* **Problem to solve**
Write out every entry exactly as it appears, omitting the pictures.

* **Task input**
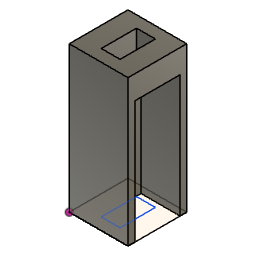
Sensor Lift (Autodesk Fusion 360 design; units mm, degrees)
Autodesk Fusion 360 part; units mm, degrees
note: some values were not read from the file. Set by a fixed rule: which sketch regions a step uses.
sketch "Sketch1" plane through (0, 0, 0) normal (0, 0, 1) x (1, 0, 0)
  line L0 (0, 0) -> (15, 0)
  line L1 (15, 0) -> (15, 15)
  line L2 (15, 15) -> (0, 15)
  line L3 (0, 15) -> (0, 0)
  line L4 (5.1406, 12.0446) -> (9.9406, 12.0446)
  line L5 (9.9406, 12.0446) -> (9.9406, 3.0446)
  line L6 (9.9406, 3.0446) -> (5.1406, 3.0446)
  line L7 (5.1406, 3.0446) -> (5.1406, 12.0446)
  dimension "d1" = 15
  dimension "d2" = 15
  dimension "d3" = 4.8
  dimension "d4" = 9
  constraint horizontal L0
  constraint vertical L1
  constraint horizontal L2
  constraint vertical L3
  constraint coincident L0.start L3.end
  constraint horizontal L4
  constraint vertical L5
  constraint horizontal L6
  constraint vertical L7
  measures "d1" distance of L0.start L2.end
  measures "d2" distance of L0.start L0.end
  measures "d3" distance of L4.start L4.end
  measures "d4" distance of L4.start L6.end
extrude "Extrude1" add sketch "Sketch1" along normal blind 37.25
sketch "Sketch4" plane through (0, 0, 0) normal (0, 0, 1) x (1, 0, 0)
  line L0 (5.0344, 1.7938) -> (15.0344, 1.7938)
  line L1 (15.0344, 1.7938) -> (15.0344, 13.2938)
  line L2 (15.0344, 13.2938) -> (5.0344, 13.2938)
  line L3 (5.0344, 13.2938) -> (5.0344, 1.7938)
  dimension "d14" = 10
  dimension "d15" = 11.5
  constraint horizontal L0
  constraint vertical L1
  constraint horizontal L2
  constraint vertical L3
  measures "d14" distance of L0.start L0.end
  measures "d15" distance of L0.start L2.end
extrude "Extrude5" cut sketch "Sketch4" along normal blind 31.25
sketch "Sketch5" plane through (15, 0, 0) normal (1, 0, 0) x (0, 1, 0)
  line L0 (13.2938, 0) -> (15, 0)
  line L1 (15, 0) -> (15, 37.25)
  line L2 (15, 37.25) -> (0, 37.25)
  line L3 (0, 37.25) -> (0, 0)
  line L4 (2.5112, 0) -> (12.5112, 0)
  line L5 (12.5112, 0) -> (12.5112, 25)
  line L6 (12.5112, 25) -> (2.5112, 25)
  line L7 (2.5112, 25) -> (2.5112, 0)
  line L8 (13.2938, 31.25) -> (13.2938, 0)
  line L9 (0, 0) -> (1.7938, 0)
  line L10 (1.7938, 0) -> (1.7938, 31.25)
  line L11 (1.7938, 31.25) -> (13.2938, 31.25)
  dimension "d18" = 25
  dimension "d21" = 10
  constraint horizontal L4
  constraint vertical L5
  constraint horizontal L6
  constraint vertical L7
  constraint coincident L0 L4.start
  measures "d18" distance of L4.start L6.end
  measures "d21" distance of L5 L7
extrude "Extrude6" cut sketch "Sketch5" against normal blind 7 contours L4 L5 L6 L7

* **Result**
Sensor Lift (Autodesk Fusion 360 design; units mm, degrees)
Autodesk Fusion 360 part; units mm, degrees
note: some values were not read from the file. Set by a fixed rule: which sketch regions a step uses.
sketch "Sketch1" plane through (0, 0, 0) normal (0, 0, 1) x (1, 0, 0)
  line L0 (0, 0) -> (15, 0)
  line L1 (15, 0) -> (15, 15)
  line L2 (15, 15) -> (0, 15)
  line L3 (0, 15) -> (0, 0)
  line L4 (5.1406, 12.0446) -> (9.9406, 12.0446)
  line L5 (9.9406, 12.0446) -> (9.9406, 3.0446)
  line L6 (9.9406, 3.0446) -> (5.1406, 3.0446)
  line L7 (5.1406, 3.0446) -> (5.1406, 12.0446)
  dimension "d1" = 15
  dimension "d2" = 15
  dimension "d3" = 4.8
  dimension "d4" = 9
  constraint horizontal L0
  constraint vertical L1
  constraint horizontal L2
  constraint vertical L3
  constraint coincident L0.start L3.end
  constraint horizontal L4
  constraint vertical L5
  constraint horizontal L6
  constraint vertical L7
  measures "d1" distance of L0.start L2.end
  measures "d2" distance of L0.start L0.end
  measures "d3" distance of L4.start L4.end
  measures "d4" distance of L4.start L6.end
extrude "Extrude1" add sketch "Sketch1" along normal blind 37.25
sketch "Sketch4" plane through (0, 0, 0) normal (0, 0, 1) x (1, 0, 0)
  line L0 (5.0344, 1.7938) -> (15.0344, 1.7938)
  line L1 (15.0344, 1.7938) -> (15.0344, 13.2938)
  line L2 (15.0344, 13.2938) -> (5.0344, 13.2938)
  line L3 (5.0344, 13.2938) -> (5.0344, 1.7938)
  dimension "d14" = 10
  dimension "d15" = 11.5
  constraint horizontal L0
  constraint vertical L1
  constraint horizontal L2
  constraint vertical L3
  measures "d14" distance of L0.start L0.end
  measures "d15" distance of L0.start L2.end
extrude "Extrude5" cut sketch "Sketch4" along normal blind 31.25
sketch "Sketch5" plane through (15, 0, 0) normal (1, 0, 0) x (0, 1, 0)
  line L0 (13.2938, 0) -> (15, 0)
  line L1 (15, 0) -> (15, 37.25)
  line L2 (15, 37.25) -> (0, 37.25)
  line L3 (0, 37.25) -> (0, 0)
  line L4 (2.5112, 0) -> (12.5112, 0)
  line L5 (12.5112, 0) -> (12.5112, 25)
  line L6 (12.5112, 25) -> (2.5112, 25)
  line L7 (2.5112, 25) -> (2.5112, 0)
  line L8 (13.2938, 31.25) -> (13.2938, 0)
  line L9 (0, 0) -> (1.7938, 0)
  line L10 (1.7938, 0) -> (1.7938, 31.25)
  line L11 (1.7938, 31.25) -> (13.2938, 31.25)
  dimension "d18" = 25
  dimension "d21" = 10
  constraint horizontal L4
  constraint vertical L5
  constraint horizontal L6
  constraint vertical L7
  constraint coincident L0 L4.start
  measures "d18" distance of L4.start L6.end
  measures "d21" distance of L5 L7
extrude "Extrude6" cut sketch "Sketch5" against normal blind 7 contours L4 L5 L6 L7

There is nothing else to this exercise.